Charitable Act Camp Liability Waiver
Thank you for participating in Charitable Act’s 2018 summer drama camp. This form is required for all participants, production crew, and volunteers and releases Charitable Act of all liability while participating in camp. This form is in effect for twelve months from the date signed.
I certify that I am in good health and have no physical or other impediment, which would endanger me while participating in this activity. I realize that by participating in this program, I will be exposed to a risk of injury or death. I acknowledge and agree this activity has inherent risks. I have full knowledge of the nature and extent of all the risks associated with this activity.
In consideration of my participation in this activity, I agree (on behalf of myself, my heirs, executors, administrators, and assignees) to release, discharge, waive and relinquish Charitable Act, a non-profit organization, (or its officers, agents, employees and volunteers) from any and all liabilities, claims, or actions for personal injury, property damage, or wrongful death which may arise out of my participation.
I certify that I am over 18 years of age and understand the foregoing statements, and am competent to execute the above Liability Waiver, and release on my behalf.

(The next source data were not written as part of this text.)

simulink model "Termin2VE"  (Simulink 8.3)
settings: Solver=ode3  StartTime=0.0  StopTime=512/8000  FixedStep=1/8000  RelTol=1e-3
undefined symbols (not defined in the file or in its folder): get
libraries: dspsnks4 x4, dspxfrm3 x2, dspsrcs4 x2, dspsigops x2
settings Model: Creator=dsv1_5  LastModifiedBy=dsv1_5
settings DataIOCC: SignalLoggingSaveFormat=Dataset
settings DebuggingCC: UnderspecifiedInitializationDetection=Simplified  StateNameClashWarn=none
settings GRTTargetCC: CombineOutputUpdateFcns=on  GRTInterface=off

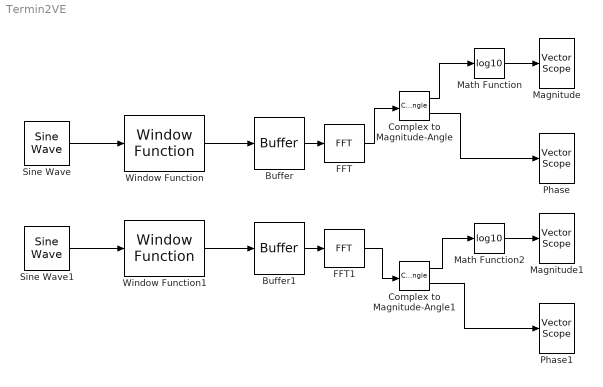
== system Termin2VE ==
  Buffer : Buffer  N=512  TreatMby1Signals=One channel
  Buffer1 : Buffer  N=512  TreatMby1Signals=One channel
  Complex to Magnitude-Angle : ComplexToMagnitudeAngle
  Complex to Magnitude-Angle1 : ComplexToMagnitudeAngle
  FFT : dspxfrm3/FFT  CompMethod=Table lookup  TableOpt=NEW  TableOptActive=Speed  BitRevOrder=off  InheritFFTLength=on  FFTLength=64  WrapInput=on  RowConvenienceOn=on  FFTImplementation=Auto  SkipNorm=off  firstCoeffDataTypeStr=Inherit: Same word length as input  firstCoeffLastDataTypeStr=Inherit: Same word length as input  outputMin=[]  outputMax=[]  roundingMode=Floor  overflowMode=off
  FFT1 : dspxfrm3/FFT  CompMethod=Table lookup  TableOpt=NEW  TableOptActive=Speed  BitRevOrder=off  InheritFFTLength=on  FFTLength=64  WrapInput=on  RowConvenienceOn=on  FFTImplementation=Auto  SkipNorm=off  firstCoeffDataTypeStr=Inherit: Same word length as input  firstCoeffLastDataTypeStr=Inherit: Same word length as input  outputMin=[]  outputMax=[]  roundingMode=Floor  overflowMode=off
  Magnitude : dspsnks4/Vector Scope  ScopeProperties=on  Domain=Time  HorizSpan=1  DisplayProperties=off  AxisGrid=on  Memory=off  FrameNumber=on  AxisLegend=off  AxisZoom=off  OpenScopeAtSimStart=on  OpenScopeImmediately=off  FigPos=get(0,'defaultfigureposition')  AxisProperties=off  XUnits=Hertz  XRange=[0...Fs/2]  InheritXIncr=on  XIncr=1  XLabel=Time  XLimit=Auto  XMin=0  XMax=1  XStart=0  YUnits=dB  YLabel=Amplitude  LineProperties=off  XAxisParamsVer=6.9
      settings: YMin=-10  YMax=10
  Magnitude1 : dspsnks4/Vector Scope  ScopeProperties=on  Domain=Time  HorizSpan=1  DisplayProperties=off  AxisGrid=on  Memory=off  FrameNumber=on  AxisLegend=off  AxisZoom=off  OpenScopeAtSimStart=on  OpenScopeImmediately=off  FigPos=get(0,'defaultfigureposition')  AxisProperties=off  XUnits=Hertz  XRange=[0...Fs/2]  InheritXIncr=on  XIncr=1  XLabel=Time  XLimit=Auto  XMin=0  XMax=1  XStart=0  YUnits=dB  YLabel=Amplitude  LineProperties=off  XAxisParamsVer=6.9
      settings: YMin=-10  YMax=10
  Math Function : Math  Operator=log10  SaturateOnIntegerOverflow=on
  Math Function2 : Math  Operator=log10  SaturateOnIntegerOverflow=on
  Phase : dspsnks4/Vector Scope  ScopeProperties=on  Domain=Time  HorizSpan=1  DisplayProperties=off  AxisGrid=on  Memory=off  FrameNumber=on  AxisLegend=off  AxisZoom=off  OpenScopeAtSimStart=on  OpenScopeImmediately=off  FigPos=get(0,'defaultfigureposition')  AxisProperties=off  XUnits=Hertz  XRange=[0...Fs/2]  InheritXIncr=on  XIncr=1  XLabel=Time  XLimit=Auto  XMin=0  XMax=1  XStart=0  YUnits=dB  YLabel=Amplitude  LineProperties=off  XAxisParamsVer=6.9
      settings: YMin=-10  YMax=10
  Phase1 : dspsnks4/Vector Scope  ScopeProperties=on  Domain=Time  HorizSpan=1  DisplayProperties=off  AxisGrid=on  Memory=off  FrameNumber=on  AxisLegend=off  AxisZoom=off  OpenScopeAtSimStart=on  OpenScopeImmediately=off  FigPos=get(0,'defaultfigureposition')  AxisProperties=off  XUnits=Hertz  XRange=[0...Fs/2]  InheritXIncr=on  XIncr=1  XLabel=Time  XLimit=Auto  XMin=0  XMax=1  XStart=0  YUnits=dB  YLabel=Amplitude  LineProperties=off  XAxisParamsVer=6.9
      settings: YMin=-10  YMax=10
  Sine Wave : dspsrcs4/Sine Wave  Amplitude=1  Frequency=500  Phase=0  SampleMode=Discrete  OutComplex=Real  CompMethod=Trigonometric fcn  TableSize=Speed  SampleTime=1/8000  SamplesPerFrame=1  ResetState=Restart at time zero  dataType=double  wordLen=16  udDataType=sfix(16)  fracBitsMode=Best precision  numFracBits=15  OutDataTypeStr=double  LastOutDataTypeStr=double
  Sine Wave1 : dspsrcs4/Sine Wave  Amplitude=1  Frequency=510  Phase=0  SampleMode=Discrete  OutComplex=Real  CompMethod=Trigonometric fcn  TableSize=Speed  SampleTime=1/8000  SamplesPerFrame=1  ResetState=Restart at time zero  dataType=double  wordLen=16  udDataType=sfix(16)  fracBitsMode=Best precision  numFracBits=15  OutDataTypeStr=double  LastOutDataTypeStr=double
  Window Function : dspsigops/Window Function  winmode=Apply window to input  wintype=Boxcar  sampmode=Continuous  samptime=1  N=64  Rs=50  beta=10  winsamp=Symmetric  UserWindow=hamming  OptParams=off  UserParams={'symmetric'}  RowConvenienceOn=on  dataType=double  isSigned=on  wordLen=16  udDataType=sfix(16)  fracBitsMode=Best precision  numFracBits=15  roundingMode=Floor  overflowMode=off  numSidelobes=4  sidelobeLevel=-30
  Window Function1 : dspsigops/Window Function  winmode=Apply window to input  wintype=Hanning  sampmode=Continuous  samptime=1  N=64  Rs=50  beta=10  winsamp=Symmetric  UserWindow=hamming  OptParams=off  UserParams={'symmetric'}  RowConvenienceOn=on  dataType=double  isSigned=on  wordLen=16  udDataType=sfix(16)  fracBitsMode=Best precision  numFracBits=15  roundingMode=Floor  overflowMode=off  numSidelobes=4  sidelobeLevel=-30
  wires:
  Window Function/1 -> Buffer/1
  Buffer/1 -> FFT/1
  FFT/1 -> Complex to Magnitude-Angle/1
  Complex to Magnitude-Angle/1 -> Math Function/1
  Sine Wave/1 -> Window Function/1
  Window Function1/1 -> Buffer1/1
  Buffer1/1 -> FFT1/1
  FFT1/1 -> Complex to Magnitude-Angle1/1
  Complex to Magnitude-Angle1/1 -> Math Function2/1
  Math Function/1 -> Magnitude/1
  Complex to Magnitude-Angle/2 -> Phase/1
  Math Function2/1 -> Magnitude1/1
  Complex to Magnitude-Angle1/2 -> Phase1/1
  Sine Wave1/1 -> Window Function1/1

Participant Name (printed): ______
Signature: ______Date:______
*** Minors under 18 years of age must have permission of parent or guardian ***
I certify that I am the parent or legal guardian of the participant and that I am entitled to his or her custody and control and I do hereby give permission for the Child to participate in the above activity. I further certify that the Child is in good health and has no physical or other impediment, which would endanger him or her while participating in this activity. I realize that by participating in this program, the Child will be exposed to a risk of injury or death. I acknowledge and agree this activity has inherent risks. I have full knowledge of the nature and extent of all the risks associated with this activity.
In consideration of my child’s participation in this activity, I agree (on behalf of myself, my child, his/her heirs, executors, administrators, and assigns) to release, discharge, waive and relinquish Charitable Act (or its officers, agents, employees and volunteers) from any and all liabilities, claims, or actions for personal injury, property damage, or wrongful death which may arise out of my child’s participation.
I hereby certify that I understand the foregoing statements, and am competent to execute the above Liability Waiver, and release on his/her behalf.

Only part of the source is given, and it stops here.